Often times as leaders we’re afraid to make decisions because we're afraid of what's on the other side. My hunch is that if we're willing to press forward, if we're willing to push through the perceived "wall," we can find it placid and peaceful on the other side. We might have to endure some momentary shaking and craziness on the way, but it'll be worth it if we stay the course. Do not let the fact that some people will think decisive action is arrogant or unloving be a barrier; work through those issues with disgruntled members, but do not give power to a few complainers to veto what is best for the congregation as a whole.

Third, and most importantly, is what we at TPC have called (conveniently!) “the Trinity way.” Our motto for some years has been: ”Trinity Presbyterian Church: Where the Trinity is not just a doctrine but a way of life.” Character is always important for officers. Virtue is more important than giftedness. Holiness is vastly superior to personality or charisma. This is what "the Trinity way" is all about. Here's the big picture: Man is made imago Dei. That means we are made in the image of the Trinity.
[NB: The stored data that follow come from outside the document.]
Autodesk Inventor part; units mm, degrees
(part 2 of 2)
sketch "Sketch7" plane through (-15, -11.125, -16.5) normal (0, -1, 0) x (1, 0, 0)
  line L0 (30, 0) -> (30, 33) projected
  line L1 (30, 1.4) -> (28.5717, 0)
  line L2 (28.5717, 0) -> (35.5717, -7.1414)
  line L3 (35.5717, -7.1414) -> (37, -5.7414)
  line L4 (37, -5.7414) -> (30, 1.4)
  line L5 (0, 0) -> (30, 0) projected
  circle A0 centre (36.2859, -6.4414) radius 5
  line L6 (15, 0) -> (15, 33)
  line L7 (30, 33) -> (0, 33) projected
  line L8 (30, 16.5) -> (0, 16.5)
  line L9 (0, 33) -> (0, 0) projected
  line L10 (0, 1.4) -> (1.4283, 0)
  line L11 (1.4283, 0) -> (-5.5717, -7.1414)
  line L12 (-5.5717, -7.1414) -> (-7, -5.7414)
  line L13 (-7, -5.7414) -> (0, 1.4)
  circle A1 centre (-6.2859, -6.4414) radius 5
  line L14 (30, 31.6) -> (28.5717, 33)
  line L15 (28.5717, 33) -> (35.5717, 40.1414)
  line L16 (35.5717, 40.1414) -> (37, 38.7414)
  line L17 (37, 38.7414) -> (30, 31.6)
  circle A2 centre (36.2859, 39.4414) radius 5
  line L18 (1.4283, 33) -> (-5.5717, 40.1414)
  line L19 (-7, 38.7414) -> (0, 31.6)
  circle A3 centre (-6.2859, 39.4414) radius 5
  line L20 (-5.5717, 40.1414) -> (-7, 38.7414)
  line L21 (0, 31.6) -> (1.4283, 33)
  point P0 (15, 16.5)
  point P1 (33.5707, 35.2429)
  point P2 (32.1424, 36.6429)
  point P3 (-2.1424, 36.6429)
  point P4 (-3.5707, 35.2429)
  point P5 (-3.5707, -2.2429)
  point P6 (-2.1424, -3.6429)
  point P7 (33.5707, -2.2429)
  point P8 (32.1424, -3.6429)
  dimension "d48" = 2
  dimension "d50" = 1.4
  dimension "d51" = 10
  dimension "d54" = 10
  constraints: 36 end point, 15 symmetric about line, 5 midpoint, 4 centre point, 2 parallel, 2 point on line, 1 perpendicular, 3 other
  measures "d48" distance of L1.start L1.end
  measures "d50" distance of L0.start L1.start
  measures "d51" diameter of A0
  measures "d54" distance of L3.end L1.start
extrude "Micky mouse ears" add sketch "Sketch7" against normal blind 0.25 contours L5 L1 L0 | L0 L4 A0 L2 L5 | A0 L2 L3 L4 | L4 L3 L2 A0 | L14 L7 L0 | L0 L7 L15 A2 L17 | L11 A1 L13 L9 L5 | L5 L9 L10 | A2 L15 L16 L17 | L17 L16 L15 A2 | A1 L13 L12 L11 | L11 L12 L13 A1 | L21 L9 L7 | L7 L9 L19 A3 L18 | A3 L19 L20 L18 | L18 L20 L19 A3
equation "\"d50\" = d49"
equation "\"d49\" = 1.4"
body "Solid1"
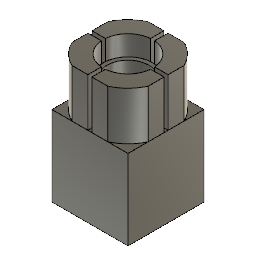
rubic_center_holder v1 (Autodesk Fusion 360 design; units mm, degrees)
Autodesk Fusion 360 part; units mm, degrees
note: some values were not read from the file. Set by a fixed rule: which sketch regions a step uses.
sketch "Sketch1" plane through (0, 0, 0) normal (0, 0, 1) x (1, 0, 0)
  circle A0 centre (0, 0) radius 5.15
  circle A1 centre (0, 0) radius 6.15
  line L0 (9.5, 9.5) -> (-9.5, 9.5)
  line L1 (-9.5, 9.5) -> (-9.5, -9.5)
  line L2 (-9.5, -9.5) -> (9.5, -9.5)
  line L3 (9.5, -9.5) -> (9.5, 9.5)
  line L4 (9.5, 9.5) -> (-9.5, -9.5) construction
  line L5 (-9.5, 9.5) -> (9.5, -9.5) construction
  line L6 (-7.4246, 7.4246) -> (7.4246, -7.4246) construction
  arc A2 (-4.4721, 9.5) -> (-9.5, 4.4721) centre (0, 0) ccw
  line L7 (-2.75, 0) -> (2.25, 0) construction
  line L8 (2.25, 1.5811) -> (2.25, -1.5811)
  arc A3 (2.25, 1.5811) -> (2.25, -1.5811) centre (0, 0) ccw
  arc A4 (-9.5, -4.4721) -> (-4.4721, -9.5) centre (0, 0) ccw
  arc A5 (4.4721, -9.5) -> (9.5, -4.4721) centre (0, 0) ccw
  arc A6 (9.5, 4.4721) -> (4.4721, 9.5) centre (0, 0) ccw
  line L9 (-0.5, 9.5) -> (0.5, 9.5) construction
  line L10 (0.5, 9.5) -> (0.5, -9.5)
  line L11 (0.5, -9.5) -> (-0.5, -9.5) construction
  line L12 (-0.5, -9.5) -> (-0.5, 9.5)
  line L13 (-0.5, 9.5) -> (0.5, -9.5) construction
  line L14 (0.5, 9.5) -> (-0.5, -9.5) construction
  line L15 (-9.5, 0.5) -> (9.5, 0.5)
  line L16 (9.5, 0.5) -> (9.5, -0.5) construction
  line L17 (9.5, -0.5) -> (-9.5, -0.5)
  line L18 (-9.5, -0.5) -> (-9.5, 0.5) construction
  line L19 (-9.5, 0.5) -> (9.5, -0.5) construction
  line L20 (9.5, 0.5) -> (-9.5, -0.5) construction
  dimension "d1" = 10.3
  dimension "d2" = 1
  dimension "d3" = 19
  dimension "d4" = 19
  dimension "d5" = 21
  dimension "d6" = 5.5
  dimension "d7" = 5
  dimension "d9" = 360
  dimension "d10" = 1
  dimension "d11" = 19
  dimension "d12" = 1
  constraint coincident A0.centre A1.centre
  constraint horizontal L0
  constraint perpendicular L0 L1
  constraint parallel L0 L2
  constraint parallel L1 L3
  constraint coincident L4 A0.centre
  constraint coincident L5 A0.centre
  constraint parallel L5 L6
  constraint midpoint A0.centre L6
  constraint concentric A0 A2
  constraint coincident L6.start A2
  constraint coincident L0 A2.start
  constraint coincident L1 A2.end
  constraint coincident L7.start A3
  constraint horizontal L7
  constraint vertical L8
  constraint midpoint L7.end L8
  constraint horizontal L9
  constraint perpendicular L9 L10
  constraint parallel L9 L11
  constraint parallel L10 L12
  constraint coincident L13 A0.centre
  constraint coincident L14 A0.centre
  constraint horizontal L15
  constraint perpendicular L15 L16
  constraint parallel L15 L17
  constraint parallel L16 L18
  constraint coincident L19 A0.centre
  constraint coincident L20 A0.centre
  measures "d1" diameter of A0
  measures "d3" distance of L1.end L2.end
  measures "d4" distance of L0.end L1.end
  measures "d5" distance of L6.start L6.end
  measures "d6" diameter of A3
  measures "d7" distance of L7.start L7.end
  measures "d10" distance of L10.end L11.end
  measures "d11" distance of L16.end L17.end
  measures "d12" distance of L15.end L16.end
extrude "Extrude1" add sketch "Sketch1" along normal blind 12 contours A1 L0 L3 A6 L10 L15 | A1 L2 L3 A5 L10 L17 | A1 L0 L1 A2 L12 L15 | A1 L1 L2 A4 L12 L17 makes body 1 at (6.0994, 0.787, 4) makes body 2 at (-1.0723, -6.0558, 8) makes body 3 at (-3.922, 4.7372, 8) makes body 4 at (3.922, -4.7372, 8)
extrude "Extrude2" add sketch "Sketch1" along normal blind 7 contours A0 A1 L10 L15 | A0 A1 L10 L17 | A0 A1 L10 L12 | A0 A1 L10 L12 | A0 A1 L12 L15 | A0 A1 L12 L17 | A0 A1 L15 L17 picked at (-5.4675, -0.389) bodies 1 2 3 4
extrude "Extrude3" add sketch "Sketch1" against normal blind 20 separate body makes body 5
sketch "Sketch2" plane through (0, 0, -20) normal (0, 0, -1) x (1, 0, 0)
  line L0 (9.5, -9.5) -> (9.5, 9.5)
  line L1 (9.5, 9.5) -> (-9.5, 9.5)
  line L2 (-9.5, 9.5) -> (-9.5, -9.5)
  line L3 (-9.5, -9.5) -> (9.5, -9.5)
  arc A0 (2.25, 1.5811) -> (2.25, -1.5811) centre (0, 0) ccw
  line L4 (2.25, -1.5811) -> (2.25, 1.5811)
extrude "Extrude4" cut sketch "Sketch2" against normal blind 15 contours A0 L4 bodies 5
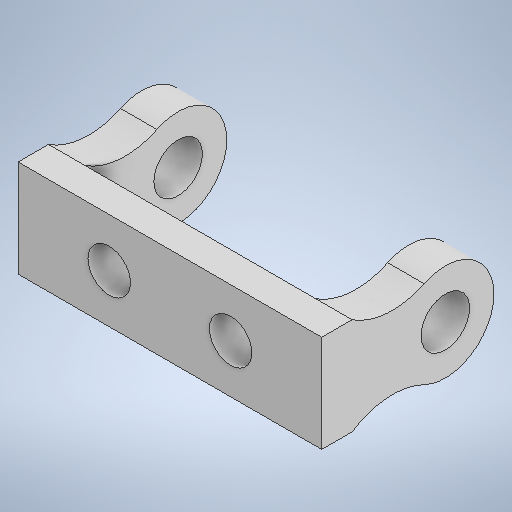
# Autodesk Inventor part: kipphebellagerbock
Saved by Autodesk Inventor 2025 (Build 290162010, 162A)
## iProperties
Created: 2024-04-30
Part Number: kipphebellagerbock
Material: Generisch
Document SubType Name: Modeling
Designer: ffogue
Density: 1 g/cm^3
Appearance: Vorgabe
Author: ffogue
Autodesk Inventor part; units mm, degrees
ref_plane "XZ Plane" through (0, 0, 0) normal (0, 1, 0) x (-1, 0, 0)
ref_plane "XY Plane" through (0, 0, 0) normal (0, 0, 1) x (1, 0, 0)
sketch "Skizze1" plane through (0, 0, 0) normal (1, 0, 0) x (0, 1, 0)
  line L0 (0, 0) -> (13, 0) construction
  line L1 (0, 0) -> (13, 0) construction
  line L2 (2.5, 4) -> (0, 4)
  line L3 (0, 4) -> (0, -4)
  line L4 (0, -4) -> (2.5, -4)
  line L5 (2.5, -4) -> (2.5, 4)
  arc A0 (2.5, 4) -> (8.432, 3.6) centre (5.8166, 9) ccw
  arc A1 (8.432, -3.6) -> (2.5, -4) centre (5.8166, -9) ccw
  arc A2 (8.432, -3.6) -> (8.432, 3.6) centre (10.1755, 0) ccw
  circle A3 centre (10.1755, 0) radius 2
  dimension "d7" = 13
  dimension "d9" = 2.5
  dimension "d10" = 12
  dimension "d11" = 12
  dimension "d15" = 8
  dimension "d16" = 18
  dimension "d21" = 4
  constraints: 12 end point, 6 point on circle, 4 centre point, 3 horizontal, 2 horizontal alignment, 2 parallel, 2 tangent, 1 coincident, 1 collinear, 1 midpoint, 1 perpendicular, 1 vertical alignment, 1 other
  measures "d7" distance of L0.start L0.end
  measures "d9" distance between parallel lines of L3 L5
  measures "d10" diameter of A0
  measures "d11" diameter of A1
  measures "d15" distance between parallel lines of L4 L2
  measures "d16" distance of A1.centre A0.centre
  measures "d21" diameter of A3
extrude "Extrusion1" add sketch "Skizze1" along normal blind 25 contours L5 L4 L3 L2
extrude "Extrusion2" add sketch "Skizze1" along normal blind 3 contours A0 A2 A1 L5
ref_plane "Arbeitsebene1" through (12.5, 0, 0) normal (1, 0, 0) x (0, 1, 0)
mirror "Spiegeln1" about plane through (12.5, 0, 0) normal (1, 0, 0) of "Extrusion2"
sketch "Skizze2" plane through (3, 2.5, 4) normal (0, 1, 0) x (1, 0, 0)
  line L0 (-3, 0) -> (-3, 8) projected
  line L1 (0, 0) -> (0, 8) projected
  point P0 (-3, 4)
  point P1 (4.5, 4)
  point P2 (14.5, 4)
  point P3 (-3, 4)
  point P4 (-3, 7.6)
  point P5 (-3, 0.4)
  point P6 (0, 7.6)
  point P7 (0, 0.4)
  dimension "d30" = 10
  dimension "d31" = 4.5
  constraints: 2 horizontal alignment, 1 midpoint
  measures "d30" distance of point (14.5, 4) point (4.5, 4)
  measures "d31" distance from line of point (4.5, 4) L1
hole "Bohrung1" at (7.5, 2.5, 0) at (17.5, 2.5, 0) direction (0, -1, 0) diameter 3.5 depth 2.5
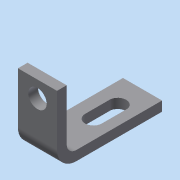
# Autodesk Inventor part: dsub37Bracket
Saved by Autodesk Inventor 2016 (Build 200138000, 138)
## iProperties
Created: 2016-10-03
Part Number: dsub37Bracket
Material: Generic
Document SubType Name: Sheet Metal
Designer: Zara
Density: 1 g/cm^3
Sheet Metal Rule: Default
Appearance: Default
Author: Zara
Autodesk Inventor part; units mm, degrees
ref_plane "YZ Plane" through (0, 0, 0) normal (1, 0, 0) x (0, 1, 0)
ref_plane "XZ Plane" through (0, 0, 0) normal (0, 1, 0) x (-1, 0, 0)
ref_plane "XY Plane" through (0, 0, 0) normal (0, 0, 1) x (1, 0, 0)
sketch "Sketch1" plane through (0, 0, 0) normal (0, 1, 0) x (-1, 0, 0)
  line L0 (-3.0226, 8.128) -> (3.0226, 8.128)
  line L1 (3.0226, 8.128) -> (3.0226, -8.128)
  line L2 (3.0226, -8.128) -> (-3.0226, -8.128)
  line L3 (-3.0226, -8.128) -> (-3.0226, 8.128)
  line L4 (-3.0226, 8.128) -> (3.0226, -8.128) construction
  line L5 (3.0226, 8.128) -> (-3.0226, -8.128) construction
  line L6 (1.1394, -0.381) -> (1.1394, -4.3425)
  line L7 (-1.4442, -0.381) -> (-1.4442, -4.3425)
  arc A0 (-1.4442, -4.3425) -> (1.1394, -4.3425) centre (-0.1524, -4.1402) ccw
  arc A1 (1.1394, -0.381) -> (-1.4442, -0.381) centre (-0.1524, -0.381) ccw
  line L8 (0, 9.1418) -> (0, -10.0518)
  point P0 (0, 0)
  dimension "d0" = 16.256
  dimension "d1" = 6.0452
  dimension "d2" = 3.9878
  dimension "d3" = 7.747
  dimension "d4" = 3.175
  dimension "d5" = 3.175
  measures "d0" distance of L0.end L1.end
  measures "d1" distance of L1.end L2.end
  measures "d2" distance from line of A0.centre L2
  measures "d3" distance from line of A1.centre L2
  measures "d4" distance from line of A0.centre L1
  measures "d5" distance from line of L1 A1.centre
extrude "Plate1" add sketch "Sketch1" along normal blind 1.4986 contours L0 L8 A1 L7 A0 L2 L3 | L0 L1 L2 L8 A0 L6 A1
sketch "Sketch2" plane through (3.0226, 0, 6.6294) normal (0, 0, 1) x (1, 0, 0)
  line L0 (-6.0452, 0) -> (0, 0)
  line L1 (0, 0) -> (0, 10.922)
  line L2 (0, 10.922) -> (-6.0452, 10.922)
  line L3 (-6.0452, 10.922) -> (-6.0452, 0)
  constraints: 6 end point, 1 horizontal, 1 perpendicular, 1 vertical
edge flange "Flange1" height 10.922 angle 90 thickness 1.4986 bend radius 1.4986 thickness toward (0, 0, 1) relief tear relief width 1.4986 relief depth 0.7493 edges at (0, 1.4986, 8.128) wall of the first edge with corners at (-3.0226, 0, 6.6294) (3.0226, 0, 6.6294) (3.0226, 10.922, 6.6294) (-3.0226, 10.922, 6.6294)
bend "Bend1"
corner "Corner1"
sketch "Sketch4" plane through (3.0226, 10.922, 6.6294) normal (0, 0, -1) x (-1, 0, 0)
  circle A0 centre (3.0226, -2.54) radius 1.4224
  line L0 (6.0452, 0) -> (0, 0) projected
  point P0 (3.0226, -10.922)
  dimension "d21" = 2.54
  dimension "d22" = 2.8448
  constraints: 1 centre point
  measures "d21" distance from line of L0 A0.centre
  measures "d22" diameter of A0
extrude "Extrusion3" cut sketch "Sketch4" against normal blind 1.4986
equation "\"d11\" = BendReliefWidth"
equation "\"d12\" = BendReliefDepth"
equation "\"d13\" = MinimumRemnant"
equation "\"d14\" = BendRadius"
equation "\"d17\" = BendRadius"
equation "\"d18\" = CornerReliefSize"
equation "\"d19\" = GapSize"
equation "\"d20\" = JacobiRadiusSize"
equation "\"BendRadius\" = Thickness"
equation "\"BendReliefWidth\" = Thickness"
equation "\"BendReliefDepth\" = 0.5 * Thickness"
equation "\"CornerReliefSize\" = 4 * Thickness"
equation "\"MinimumRemnant\" = 2 * Thickness"
equation "\"TransitionRadius\" = BendRadius"
equation "\"JacobiRadiusSize\" = Thickness"
equation "\"GapSize\" = Thickness"
equation "\"d10\" = BendRadius"
equation "\"Thickness\" = 1.4986"
body "Solid3"
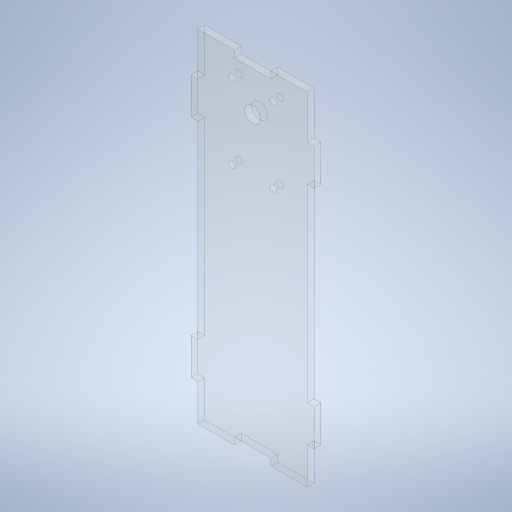
# Autodesk Inventor part: side plate
Saved by Autodesk Inventor 2023 (Build 270158000, 158)
## iProperties
Created: 2023-06-06
Part Number: side plate
Material: PMMA Plastic
Document SubType Name: Sheet Metal
Designer: Ronan
Density: 1.188 g/cm^3
Sheet Metal Rule: Default_mm
Appearance: Polycarbonate - Clear
Author: Ronan
Autodesk Inventor part; units mm, degrees
ref_plane "YZ Plane" through (0, 0, 0) normal (1, 0, 0) x (0, 1, 0)
ref_plane "XZ Plane" through (0, 0, 0) normal (0, 1, 0) x (-1, 0, 0)
ref_plane "XY Plane" through (0, 0, 0) normal (0, 0, 1) x (1, 0, 0)
sketch "Sketch1" plane through (0, 0, 0) normal (0, 0, 1) x (1, 0, 0)
  circle A0 centre (23, 103.0491) radius 1.5
  circle A1 centre (5, 103.0491) radius 1.5
  circle A2 centre (23, 136.0491) radius 1.5
  line L0 (-10, 144.0491) -> (38, 144.0491)
  line L1 (38, 144.0491) -> (38, -2.9509)
  line L2 (38, -2.9509) -> (-10, -2.9509)
  line L3 (-10, -2.9509) -> (-10, 144.0491)
  circle A3 centre (5, 136.0491) radius 1.5
  circle A4 centre (14, 126.5491) radius 3.5
  point P0 (0, 0)
  point P1 (14, 22.75)
  dimension "d10" = 3
  dimension "d12" = 3
  dimension "d13" = 3
  dimension "d14" = 3
  dimension "d15" = 33
  dimension "d16" = 18
  dimension "d17" = 18
  dimension "d18" = 33
  dimension "d19" = 15
  dimension "d20" = 8
  dimension "d21" = 15
  dimension "d22" = 147
  dimension "d25" = 7
  dimension "d26" = 9.5
  dimension "d27" = 9
  dimension "d28" = 9
  dimension "d29" = 2.9509
  dimension "d30" = 10
  dimension "d31" = 0
  constraints: 8 end point, 5 centre point, 2 perpendicular, 1 horizontal, 1 vertical
  measures "d10" diameter of A2
  measures "d12" diameter of A3
  measures "d13" diameter of A1
  measures "d14" diameter of A0
  measures "d15" distance of A1.centre A3.centre
  measures "d16" distance of A2.centre A3.centre
  measures "d17" distance of A0.centre A1.centre
  measures "d18" distance of A0.centre A2.centre
  measures "d19" distance from line of L3 A1.centre
  measures "d20" distance from line of L0 A3.centre
  measures "d21" distance from line of L1 A0.centre
  measures "d22" distance between parallel lines of L2 L0
  measures "d25" diameter of A4
  measures "d26" vertical distance of A4.centre A2.centre
  measures "d27" horizontal distance of A4.centre A2.centre
  measures "d28" horizontal distance of A4.centre A3.centre
  measures "d29" distance from line of point (0, 0) L2
  measures "d30" distance from line of point (0, 0) L3
  measures "d31" horizontal distance of A1.centre A3.centre
extrude "Extrusion1" add sketch "Sketch1" along normal blind 3
sketch "Sketch2" plane through (0, 0, 3) normal (0, 0, 1) x (1, 0, 0)
  line L0 (-10, 144.0491) -> (-10, -2.9509) projected
  line L1 (38, -2.9509) -> (38, 144.0491) projected
  line L2 (-10, 128.0491) -> (-13, 128.0491)
  line L3 (-13, 128.0491) -> (-13, 112.0491)
  line L4 (-13, 112.0491) -> (-10, 112.0491)
  line L5 (-10, 112.0491) -> (-10, 128.0491)
  line L6 (38, 128.0491) -> (41, 128.0491)
  line L7 (41, 128.0491) -> (41, 112.0491)
  line L8 (41, 112.0491) -> (38, 112.0491)
  line L9 (38, 112.0491) -> (38, 128.0491)
  line L10 (-10, 29.0491) -> (-13, 29.0491)
  line L11 (-13, 29.0491) -> (-13, 13.0491)
  line L12 (-13, 13.0491) -> (-10, 13.0491)
  line L13 (-10, 13.0491) -> (-10, 29.0491)
  line L14 (38, 29.0491) -> (41, 29.0491)
  line L15 (41, 29.0491) -> (41, 13.0491)
  line L16 (41, 13.0491) -> (38, 13.0491)
  line L17 (38, 13.0491) -> (38, 29.0491)
  line L18 (-10, -2.9509) -> (38, -2.9509) projected
  line L19 (38, 144.0491) -> (-10, 144.0491) projected
  line L20 (6, 144.0491) -> (22, 144.0491)
  line L21 (22, 144.0491) -> (22, 147.0491)
  line L22 (22, 147.0491) -> (6, 147.0491)
  line L23 (6, 147.0491) -> (6, 144.0491)
  line L24 (6, 144.0491) -> (-10, 144.0491)
  line L25 (-10, 144.0491) -> (-10, 147.0491)
  line L26 (-10, 147.0491) -> (6, 147.0491)
  line L27 (6, 147.0491) -> (6, 144.0491)
  line L28 (22, 144.0491) -> (38, 144.0491)
  line L29 (38, 144.0491) -> (38, 147.0491)
  line L30 (38, 147.0491) -> (22, 147.0491)
  line L31 (22, 147.0491) -> (22, 144.0491)
  point P0 (0, 0)
  point P1 (-11.5, 13.0491)
  point P2 (-10, 112.0491)
  point P3 (38, 112.0491)
  point P4 (22, 147.0491)
  point P5 (22, 144.0491)
  point P6 (-10, 144.0491)
  point P7 (6, 147.0491)
  dimension "d36" = 3
  dimension "d37" = 3
  dimension "d39" = 16
  dimension "d40" = 16
  dimension "d41" = 16
  dimension "d42" = 0
  dimension "d50" = 16
  dimension "d51" = 16
  dimension "d52" = 3
  dimension "d53" = 3
  dimension "d56" = 16
  constraints: 56 end point, 14 parallel, 11 point on line, 7 horizontal, 7 perpendicular, 3 collinear, 1 midpoint
  measures "d36" distance between parallel lines of L5 L3
  measures "d37" distance between parallel lines of L1 L7
  measures "d39" distance of L2.end L3.end
  measures "d40" distance of L10.end L11.end
  measures "d41" distance from line of L18 point (-11.5, 13.049)
  measures "d42" distance between parallel lines of L10 L14
  measures "d50" distance between parallel lines of L0 L23
  measures "d51" distance between parallel lines of L1 L21
  measures "d52" distance between parallel lines of L19 L22
  measures "d53" distance of L24.end L25.end
  measures "d56" distance between parallel lines of L19 L2
extrude "Extrusion2" add sketch "Sketch2" against normal blind 3 contours L25 L26 L23 L19 | L0 L4 L3 L2 | L21 L30 L29 L19 | L0 L12 L11 L10 | L6 L7 L8 L1 | L14 L15 L16 L1
sketch "Sketch4" plane through (0, 0, 3) normal (0, 0, 1) x (1, 0, 0)
  line L0 (-10, -2.9509) -> (38, -2.9509) projected
  line L1 (6, -2.9509) -> (22, -2.9509)
  line L2 (22, -2.9509) -> (22, 0.0491)
  line L3 (22, 0.0491) -> (6, 0.0491)
  line L4 (6, 0.0491) -> (6, -2.9509)
  line L5 (22, 144.0491) -> (6, 144.0491) projected
  line L6 (6, 144.0491) -> (6, 147.0491) projected
  point P0 (0, 0)
  constraints: 8 end point, 2 equal length, 2 parallel, 1 collinear, 1 horizontal, 1 perpendicular, 1 point on line
extrude "Extrusion4" cut sketch "Sketch4" against normal blind 3
equation "\"BendRadius\" = Thickness"
equation "\"BendReliefWidth\" = Thickness"
equation "\"BendReliefDepth\" = 0.5 * Thickness"
equation "\"CornerReliefSize\" = 4 * Thickness"
equation "\"MinimumRemnant\" = 2 * Thickness"
equation "\"TransitionRadius\" = BendRadius"
equation "\"JacobiRadiusSize\" = BendRadius"
equation "\"GapSize\" = Thickness"
equation "\"Thickness\" = 0.5"
body "Solid1"

The Trinity is the original, man is the copy. That means human life is in some way patterned after the Triune life of God. In a fallen word, man has become a cracked mirror, no longer reflecting God's glory and love back to him, as he was designed to do. But the church is humanity 2.0, humanity restored. In the church, the pattern of the Triune life is to be on display (John 17:20-23). So, how does God live? If we can answer that question, we will know how the church should live.

In the Scriptures, especially in John's gospel, we see the members of the Trinity loving, serving, and glorifying one another. The Son, Jesus, makes it clear he has come to glorify the Father. He confesses "the Father is greater than I" and he submits himself to the will of the Father. He says everything he knows he (in some way) learned from the Father; he only does what he has seen his Father doing. But at the same time, we see the Father glorifies the Son. The Father "submits" to the Son's request for glory (John 8:54, 17:1). The Father lavishes his love and glory on the Son, ultimately giving the Son a name above every name (Phil. 2:5-11). Where does the Spirit fit in? The Spirit comes to glorify the Son, who in turn glorifies the Father (John 16:14). But perhaps we can also think of the Spirit as the glory the Father and Son share, as they give love to and receive love from one another. This is the life of God: The one God exists in three persons, as a communion of love, in which no person glorifies himself, but seeks to glorify the others. God does not seek his own glory per se; rather each member of the Trinity seeks the glory of the others. When God made us in his image, this is what he had in mind for human life.

This is "the Trinity way." This is what the church should be. We should be a mirror of the Trinity -- a community where we give love to and receive love from one another, in the Spirit. We should be diverse, yet united; distinct in gifts and roles, yet sharing a common life through the gospel. We should put other's interests above our own, doing nothing out of selfish ambition or vain conceit, but acting in humility and love towards one another. In short, we do not live to glorify ourselves, but to glorify others in the body.

All of this must start with the leadership. We are to be icons of the Trinity in our personal lives, in our families, in our church offices. If we live this way, we can hope and expect it will flow out -- through the Spirit -- to the body as whole. And in this way, our church can become a congregation that lives up to its name.

Many theologians today are skeptical of using the Trinity to construct an anthropology or ecclesiology. And no doubt, this is somewhat justified, given the way "social Trinitarianism" has been used to justify all kinds of crazy anti-biblical conclusions. But we cannot completely get away from the Trinity as a model for human life in general and church life in particular because Jesus has prayed we would be one, and would indwell one another, as the Father and Son are one, and indwell one another (John 17:20-23). All that to say: a church that fulfills the "the Trinity way" is a church that will fulfill the prayer of Jesus in John 17. And what could be better than that?